Diese Unterstützung hatte der ukrainische Präsident Wolodymyr Selenskyj zuletzt scharf kritisiert und SAP aufgefordert, den Support ihrer Software in Russland komplett einzustellen. "Es darf keine ,halben' Entscheidungen geben!", schrieb Selenskyj auf Twitter. "Es gibt nur schwarz und weiß, gut oder böse! Sie sind entweder für den Frieden oder unterstützen den blutigen russischen Aggressor, ukrainische Kinder und Frauen zu töten. SAP, hören Sie auf, Ihre Produkte in Russland zu unterstützen, stoppen Sie den Krieg!" Dieser Appell richtete sich auch an andere Softwareunternehmen wie Microsoft und Oracle.

Der ukrainische Präsident Wolodymyr Selenskyj (Mitte) und seine Regierung fordern von den großen Softwareherstellern, ihren Support russischer Unternehmen komplett einzustellen.
Der ukrainische Präsident Wolodymyr Selenskyj (Mitte) und seine Regierung fordern von den großen Softwareherstellern, ihren Support russischer Unternehmen komplett einzustellen.

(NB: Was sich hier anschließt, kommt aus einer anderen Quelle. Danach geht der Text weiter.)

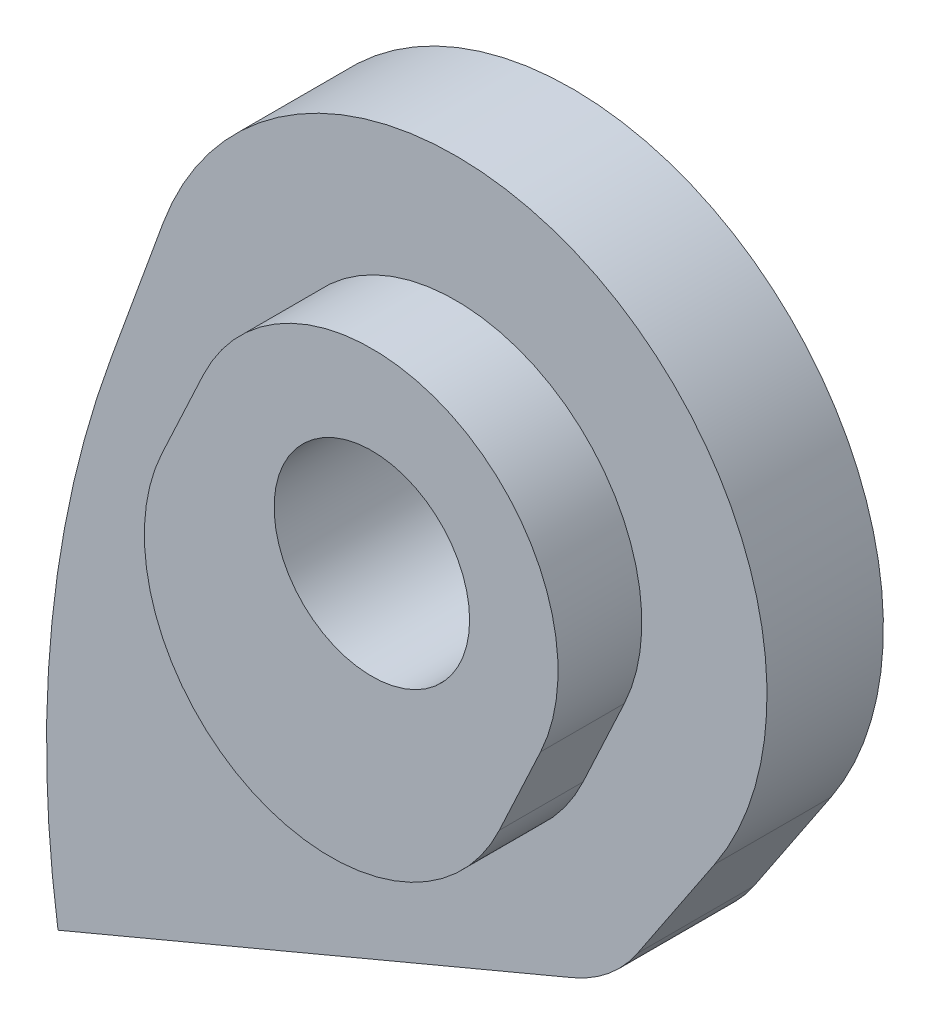
SolidWorks part; units mm, degrees
ref_plane "Front Plane" through (0, 0, 0) normal (0, 0, 1) x (1, 0, 0)
ref_plane "Top Plane" through (0, 0, 0) normal (0, 1, 0) x (1, 0, 0)
ref_plane "Right Plane" through (0, 0, 0) normal (1, 0, 0) x (0, 0, -1)
sketch "Sketch6" plane through (0, 0, 0) normal (0, 0, 1) x (1, 0, 0)
  line L0 (0, 0) -> (40.1809, 0) construction
  line L1 (0, 0) -> (35.507, 92.499) construction
  line L2 (19.3519, 50.4133) -> (0.4719, 63.0164) construction
  line L3 (19.3519, 50.4133) -> (-36.1025, 71.7003) construction
  dimension "D1" = 69
  dimension "D2" = 54
  dimension "D3" = 22.7
  dimension "D4" = 5
sketch "Sketch3" plane through (0, 0, 0) normal (0, 0, 1) x (1, 0, 0)
  line L0 (24.1743, 72.523) -> (120.8717, 72.523) construction
  line L6 (11.8164, 60.2529) -> (11.7284, 60.3116)
  line L7 (7.3748, 53.5992) -> (5.9136, 54.5745)
  line L8 (19.3519, 50.4133) -> (0.4719, 63.0164) construction
  line L9 (-6.1719, 82.4206) -> (-7.2903, 79.3479)
  line L10 (19.3519, 50.4133) -> (13.2479, 41.2693) construction
  line L11 (19.3519, 50.4133) -> (31.6629, 68.8558) construction
  line L12 (4.0204, 73.9337) -> (5.6789, 76.4182)
  line L14 (0.1147, 80.1325) -> (27.1455, 62.0885) construction
  line L15 (0.1147, 80.1325) -> (-7.2903, 79.3479) construction
  line L16 (0.1147, 80.1325) -> (0.1147, 91.1913) construction
  line L17 (0.1147, 80.1325) -> (-6.1719, 82.4206) construction
  arc A0 (13.4996, 47.0498) -> (20.2139, 57.1081) centre (19.3519, 50.4133) ccw
  arc A1 (20.2139, 57.1081) -> (11.8164, 60.2529) centre (22.7223, 76.5904) cw
  arc A2 (13.4996, 47.0498) -> (7.3748, 53.5992) centre (-3.5311, 37.2616) ccw
  arc A3 (11.7284, 60.3116) -> (6.8662, 65.9311) centre (19.4923, 71.9424) cw
  arc A4 (-6.1719, 82.4206) -> (5.6789, 76.4182) centre (0.1147, 80.1325) cw
  arc A5 (6.8662, 65.9311) -> (4.9012, 68.3908) centre (0.6246, 62.9595) ccw
  arc A6 (4.9012, 68.3908) -> (4.0204, 73.9337) centre (7.4585, 71.6386) cw
  arc A7 (5.9136, 54.5745) -> (0.4148, 56.2666) centre (0.3298, 46.2096) ccw
  arc A10 (0.4148, 56.2666) -> (-5.2798, 59.4837) centre (0.4719, 63.0164) cw
  circle A12 centre (19.3519, 50.4133) radius 2.75
  circle A13 centre (0.4719, 63.0164) radius 2.75
  circle A17 centre (0.1147, 80.1325) radius 2.1
  arc A18 (-7.2903, 79.3479) -> (-5.2798, 59.4837) centre (14.2795, 71.4971) ccw
  dimension "D1" = 5.5
  dimension "D2" = 5.5
  dimension "D3" = 4
  dimension "D5" = 4
  dimension "D6" = 4
  dimension "D4" = 4.2
  dimension "D17" = 70
  dimension "D18" = 3.27
  dimension "D14" = 6.69
  dimension "D7" = 3
  dimension "D8" = 4
  dimension "D9" = 3
  dimension "D10" = 4
  dimension "D11" = 19
  dimension "D12" = 19
  dimension "D13" = 22
  dimension "D15" = 32.5
  dimension "D16" = 14
extrude "Boss-Extrude2" add sketch "Sketch3" along normal blind 11
sketch "Sketch13" plane through (0, 0, 0) normal (0, 0, -1) x (-1, 0, 0)
  line L0 (-5.6789, 76.4182) -> (-4.0204, 73.9337)
  line L1 (-2.6258, 72.7829) -> (8.4277, 68.1397)
  line L2 (6.1719, 82.4206) -> (7.2903, 79.3479)
  arc A0 (-5.6789, 76.4182) -> (6.1719, 82.4206) centre (-0.1147, 80.1325) cw
  arc A1 (6.1719, 82.4206) -> (-5.6789, 76.4182) centre (-0.1147, 80.1325) ccw construction
  arc A2 (-4.0204, 73.9337) -> (-2.6258, 72.7829) centre (-1.4106, 75.6758) ccw
  arc A3 (5.2798, 59.4837) -> (7.2903, 79.3479) centre (-14.2795, 71.4971) ccw construction
  arc A4 (8.4277, 68.1397) -> (7.2903, 79.3479) centre (-14.2795, 71.4971) ccw
extrude "Boss-Extrude4" add sketch "Sketch13" along normal blind 2.5
sketch "Sketch12" plane through (0, 0, -2.5) normal (0, 0, -1) x (-1, 0, 0)
  line L0 (8.0136, 76.9658) -> (4.9242, 69.6114)
  line L4 (4.9242, 69.6114) -> (8.4277, 68.1397)
  line L5 (-2.6258, 72.7829) -> (8.4277, 68.1397) construction
  line L8 (-2.6258, 72.7829) -> (8.4277, 68.1397) construction
  arc A0 (8.0136, 76.9658) -> (8.4277, 68.1397) centre (-14.2795, 71.4971) cw
  arc A1 (5.2798, 59.4837) -> (8.4277, 68.1397) centre (-14.2795, 71.4971) ccw construction
  dimension "D1" = 3.8
  dimension "D2" = 90
extrude "Boss-Extrude3" add sketch "Sketch12" along normal blind 3
sketch "Sketch14" plane through (0, 0, 0) normal (0, 1, 0) x (1, 0, 0)
  line L0 (19.3519, 0) -> (-36.1025, 0) construction
  line L1 (-15.2308, 0) -> (32.0549, 0)
  line L2 (-15.2308, 0) -> (-15.2308, -12.5955)
  line L3 (-15.2308, -12.5955) -> (32.0549, -12.5955)
  line L4 (32.0549, 0) -> (32.0549, -12.5955)
extrude "Cut-Extrude1" cut sketch "Sketch14" along normal through all
sketch "Sketch16" plane through (0, 0, 0) normal (0, 0, 1) x (1, 0, 0)
  line L0 (0.1147, 80.1325) -> (-0.7728, 78.2293) construction
  line L1 (3.7399, 78.4421) -> (2.8524, 76.5388)
  line L2 (-3.5105, 81.823) -> (-4.398, 79.9198)
  line L3 (0.1147, 80.1325) -> (0.1147, 75.6752) construction
  arc A0 (3.7399, 78.4421) -> (-3.5105, 81.823) centre (0.1147, 80.1325) ccw
  arc A1 (-4.398, 79.9198) -> (2.8524, 76.5388) centre (-0.7728, 78.2293) ccw
  point P3 (-0.3291, 79.1809)
  dimension "D1" = 4
  dimension "D2" = 25
  dimension "D3" = 2.1
extrude "Boss-Extrude5" add sketch "Sketch16" along normal blind 1.8
sketch "Sketch15" plane through (0, 0, 1.8) normal (0, 0, 1) x (1, 0, 0)
  circle A0 centre (0.1147, 80.1325) radius 2.1
  dimension "D1" = 4.2
extrude "Cut-Extrude2" cut sketch "Sketch15" against normal through all

Foto: Sarakhan Vadym - shutterstock.com

In einem Interview mit der RNZ hatte SAP-Chef Klein Verständnis für Selenskyj gezeigt, gleichzeitig aber seine Strategie verteidigt. Man betreibe mit der eigenen Software zum Beispiel Krankenhäuser, Supermärkte und Unternehmen, die wichtig seien für die Impfstoff-Herstellung und -Verteilung. "Wenn wir das alles runterfahren, stoppt das nicht den Krieg", sagte der CEO. "SAP möchte sich nicht anmaßen, es besser zu wissen als Politiker und Experten". Deshalb habe man diesen Weg eingeschlagen.